# 1937 Airflyte Model No.2



## 37fleetwood (Jul 6, 2013)

first test fit and ride, tell me what you think...
(and I just realized I put those bars in it to move it around and forgot to change them for the correct ones, sorry)


----------



## Iverider (Jul 6, 2013)

Meh...it's ok...but what would really make it AWESOME...

If it were in MY shop!


----------



## fordmike65 (Jul 6, 2013)

I gotta say that's pretty damn sahweeeeet!


----------



## Obi-Wan Schwinnobi (Jul 6, 2013)

fordmike65 said:


> I gotta say that's pretty damn sahweeeeet!




Scott, did you build that frame from scratch?


----------



## 37fleetwood (Jul 6, 2013)

fatbar said:


> Scott, did you build that frame from scratch?

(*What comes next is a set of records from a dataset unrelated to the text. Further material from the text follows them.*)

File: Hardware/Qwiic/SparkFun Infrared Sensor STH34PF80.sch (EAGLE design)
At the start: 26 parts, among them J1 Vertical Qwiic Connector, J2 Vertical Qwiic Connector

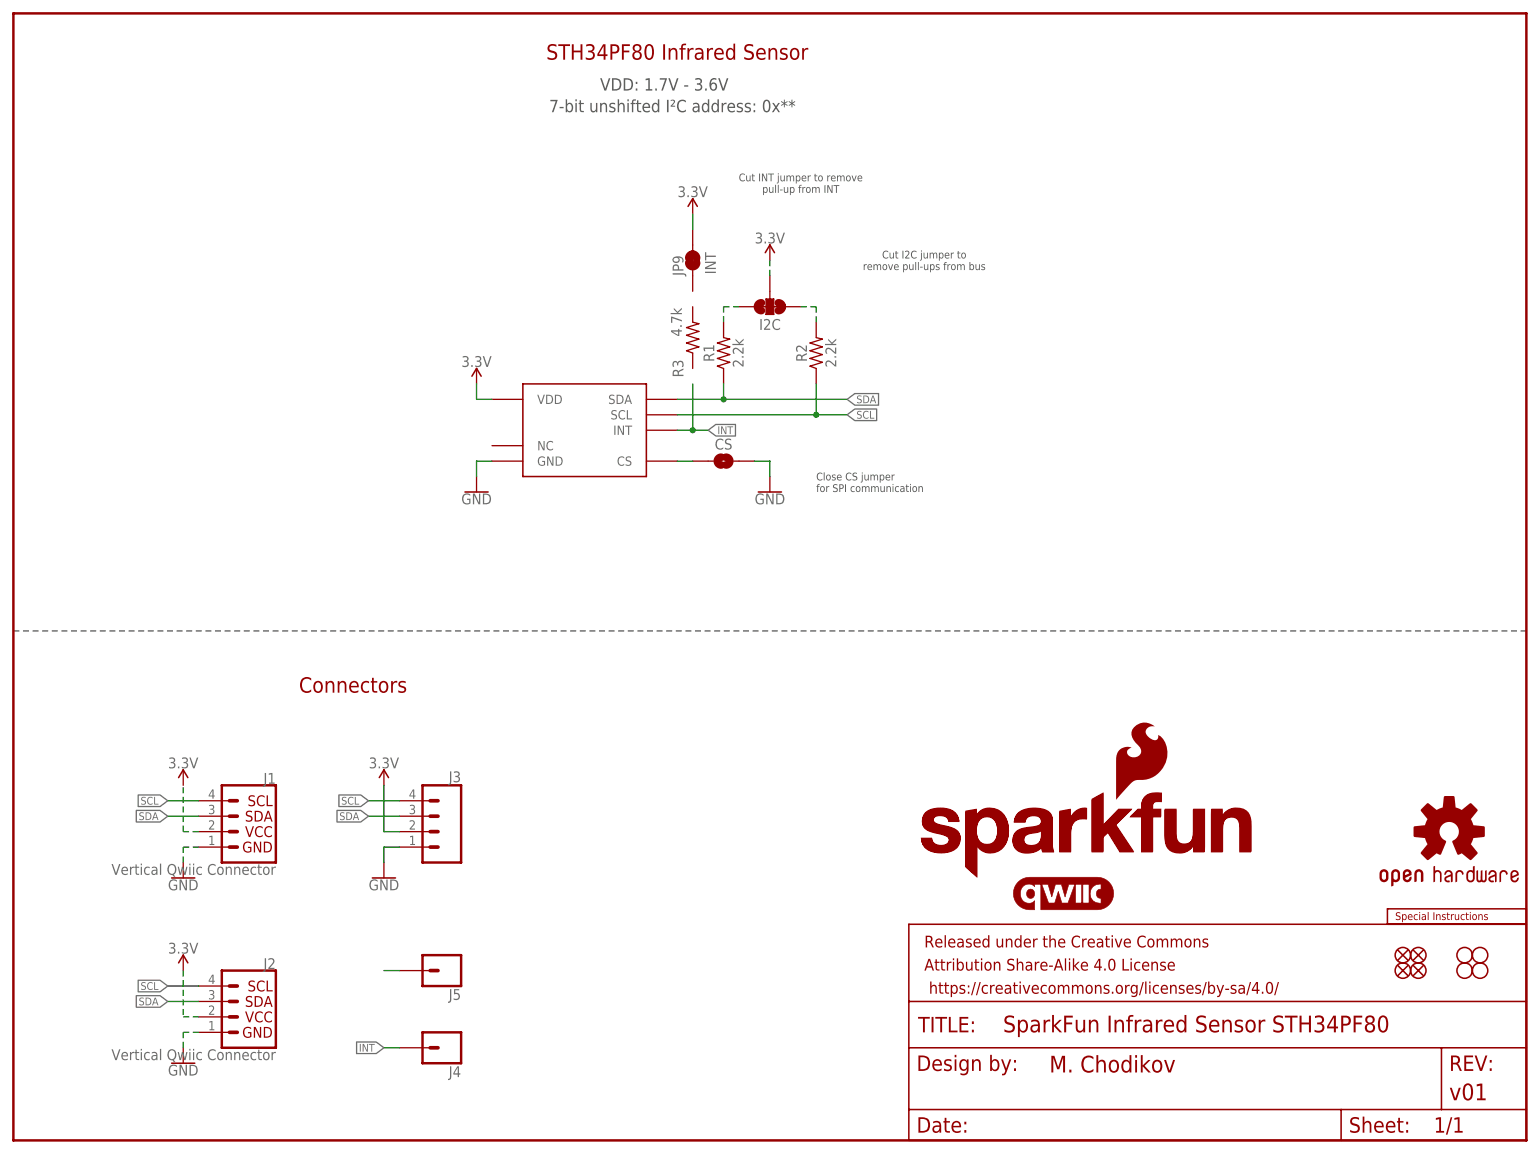
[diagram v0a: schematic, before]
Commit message: Continued design
Adjusted symbol and footprint to reflect the I2C AND SPI interfaces. Uploading to change name in GitHub for official product name
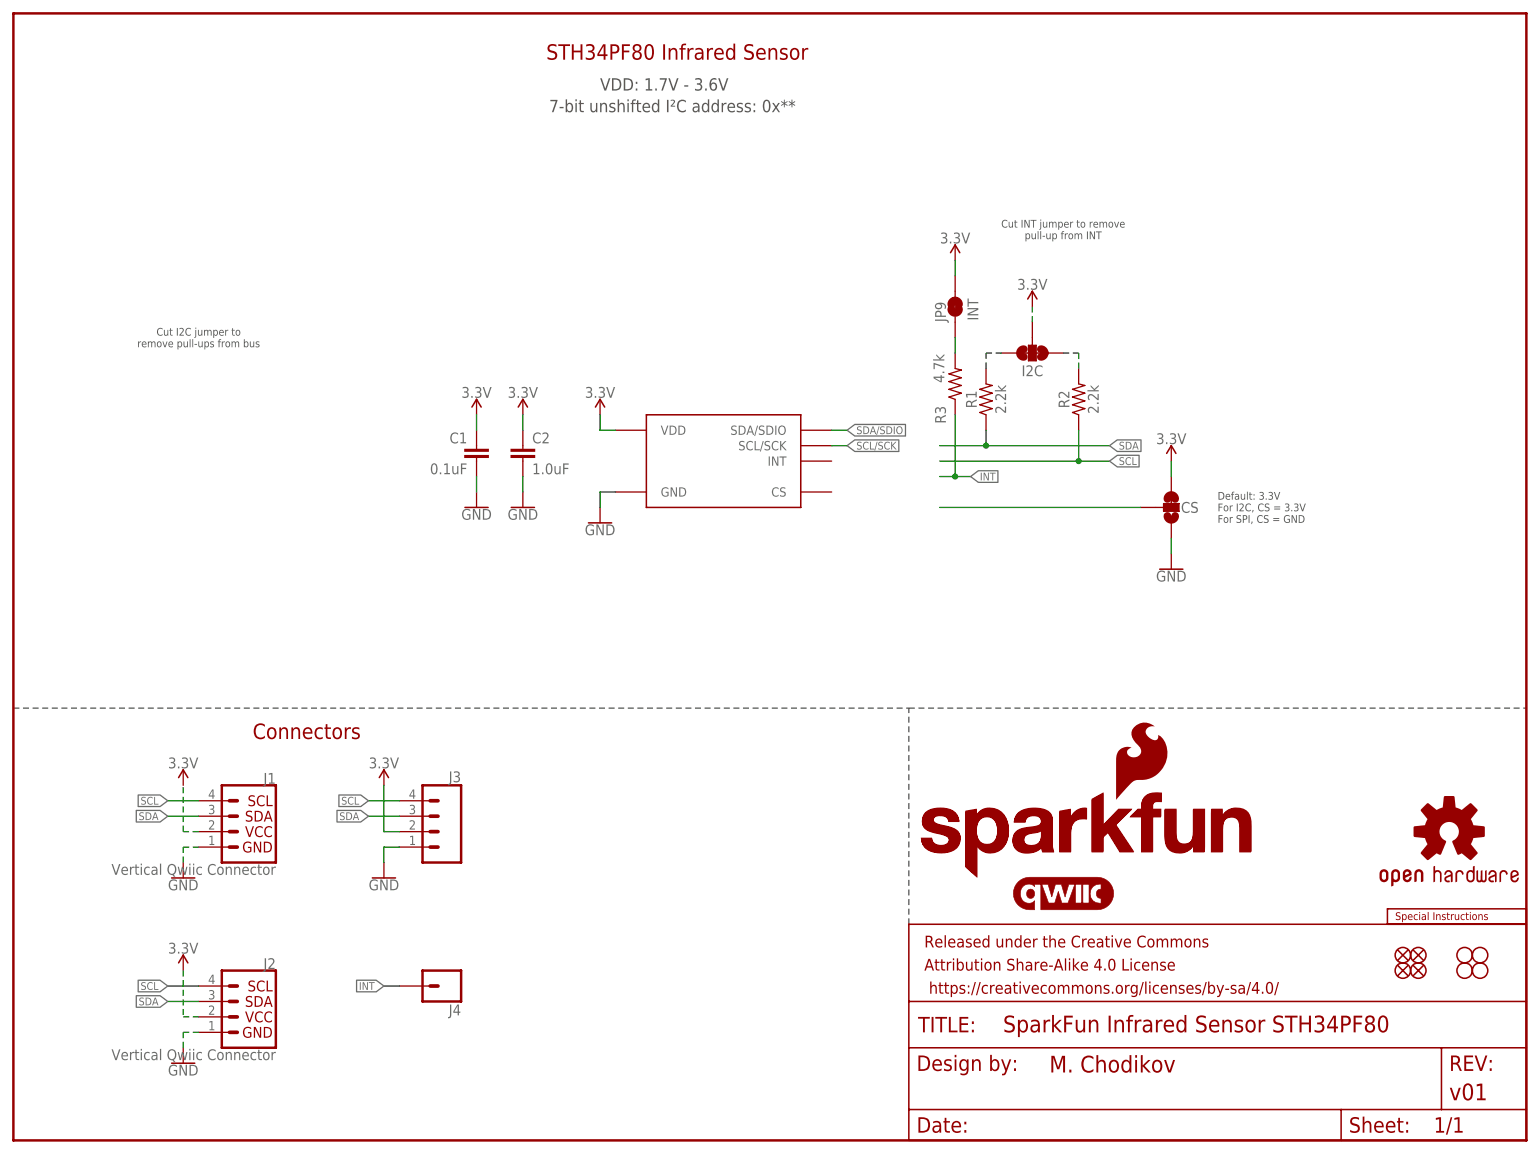
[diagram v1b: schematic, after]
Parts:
- removed J5: (no value), SparkFun-Connectors:CONN_01PTH_NO_SILK_YES_STOP
- added C1: 0.1uF, SparkFun-Capacitors:0.1UF-0603-25V-10%-X7R-WE
- added C2: 1.0uF, SparkFun-Capacitors:1.0UF-0603-16V-10%-X7R
- CS: value JUMPER-SMT_2_NO_SILK -> JUMPER-SMT_3_1-NC_TRACE_SILK; device SparkFun-Jumpers:JUMPER-SMT_2_NO_SILK -> SparkFun-Jumpers:JUMPER-SMT_3_1-NC_TRACE_SILK
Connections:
- new net SCL/SCK: U$1.SCL/SCK
- new net SDA/SDIO: U$1.SDA/SDIO
- net 3.3V: now also C1.1, C2.1, CS.3
- net GND: now also C1.2, C2.2, CS.1; no longer CS.2
- net INT: now also R3.1; no longer U$1.INT
- net N$3: now also CS.2; no longer CS.1, U$1.CS
- net N$4: now also JP9.1, R3.2; no longer J5.1
- net SCL: no longer U$1.SCL
- net SDA: no longer U$1.SDA
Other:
- note added: "Default: 3.3V For I2C, CS = 3.3V For SPI, CS = GND"
- note removed: "Close CS jumper for SPI communication"
- moved on the sheet: I2C, J4, JP9, R1, R2, R3

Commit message: Updates to Mini - uploading to change repo name
Continued mini board design
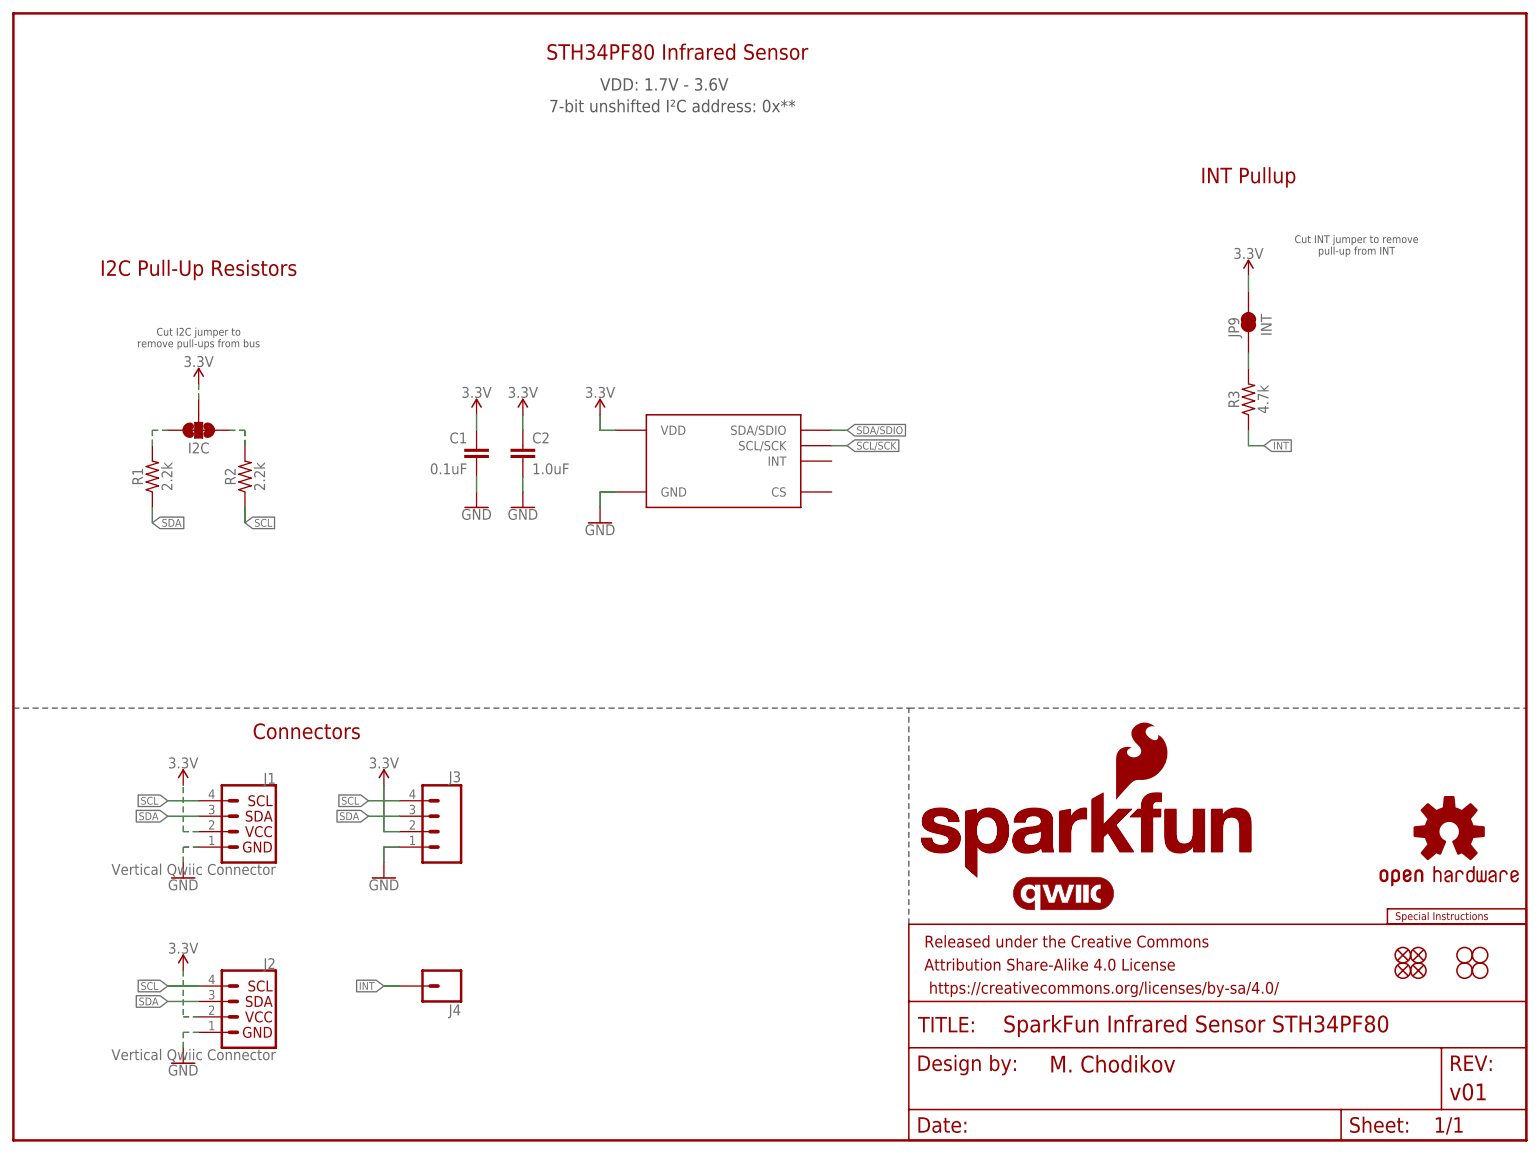
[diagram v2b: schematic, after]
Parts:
- removed CS: JUMPER-SMT_3_1-NC_TRACE_SILK, SparkFun-Jumpers:JUMPER-SMT_3_1-NC_TRACE_SILK
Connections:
- removed net N$3: CS.2
- net 3.3V: no longer CS.3
- net GND: no longer CS.1
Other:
- note added: "I2C Pull-Up Resistors"
- note added: "INT Pullup"
- note removed: "Default: 3.3V For I2C, CS = 3.3V For SPI, CS = GND"
- moved on the sheet: I2C, JP9, R1, R2, R3

the frame, no. I did add the top rear swooping bars and I changed the middle bar, but the rest is a real 1937 Huffman frame. the plan is to put it back together as correctly as possible. this isn't a rat rod or custom build.


----------



## rcole45 (Jul 8, 2013)

*37 airflyte*

scott, looks great. keep up the good work.   ron


----------



## Coaster Brake (Jul 8, 2013)

Counterfeit goods!
You should send it to me immediately for proper disposal!


----------



## bike (Jul 8, 2013)

*I had a rusty frame like that started with*

listed and people said it was a 40...

http://thecabe.com/vbulletin/showth...hange-sex-of-your-womens-SS&highlight=huffman


----------



## 37fleetwood (Jul 8, 2013)

this one's serial number is 86303, which makes this a rather early 1937 frame. it also features the bottlecap badge hole and has an Airflyte Bottlecap badge. I was very careful in choosing this particular frame for this project.


----------



## bikewhorder (Jul 9, 2013)

Do you have a pic of the bike you were trying to replicate?


----------



## slick (Jul 9, 2013)

Looks like it needs some top quality paint on that. Hmm... Maybe after i wrap up 2 Shelby's i can help you out????????? Looks killer Scott!


----------



## 37fleetwood (Jul 9, 2013)

bikewhorder said:


> Do you have a pic of the bike you were trying to replicate?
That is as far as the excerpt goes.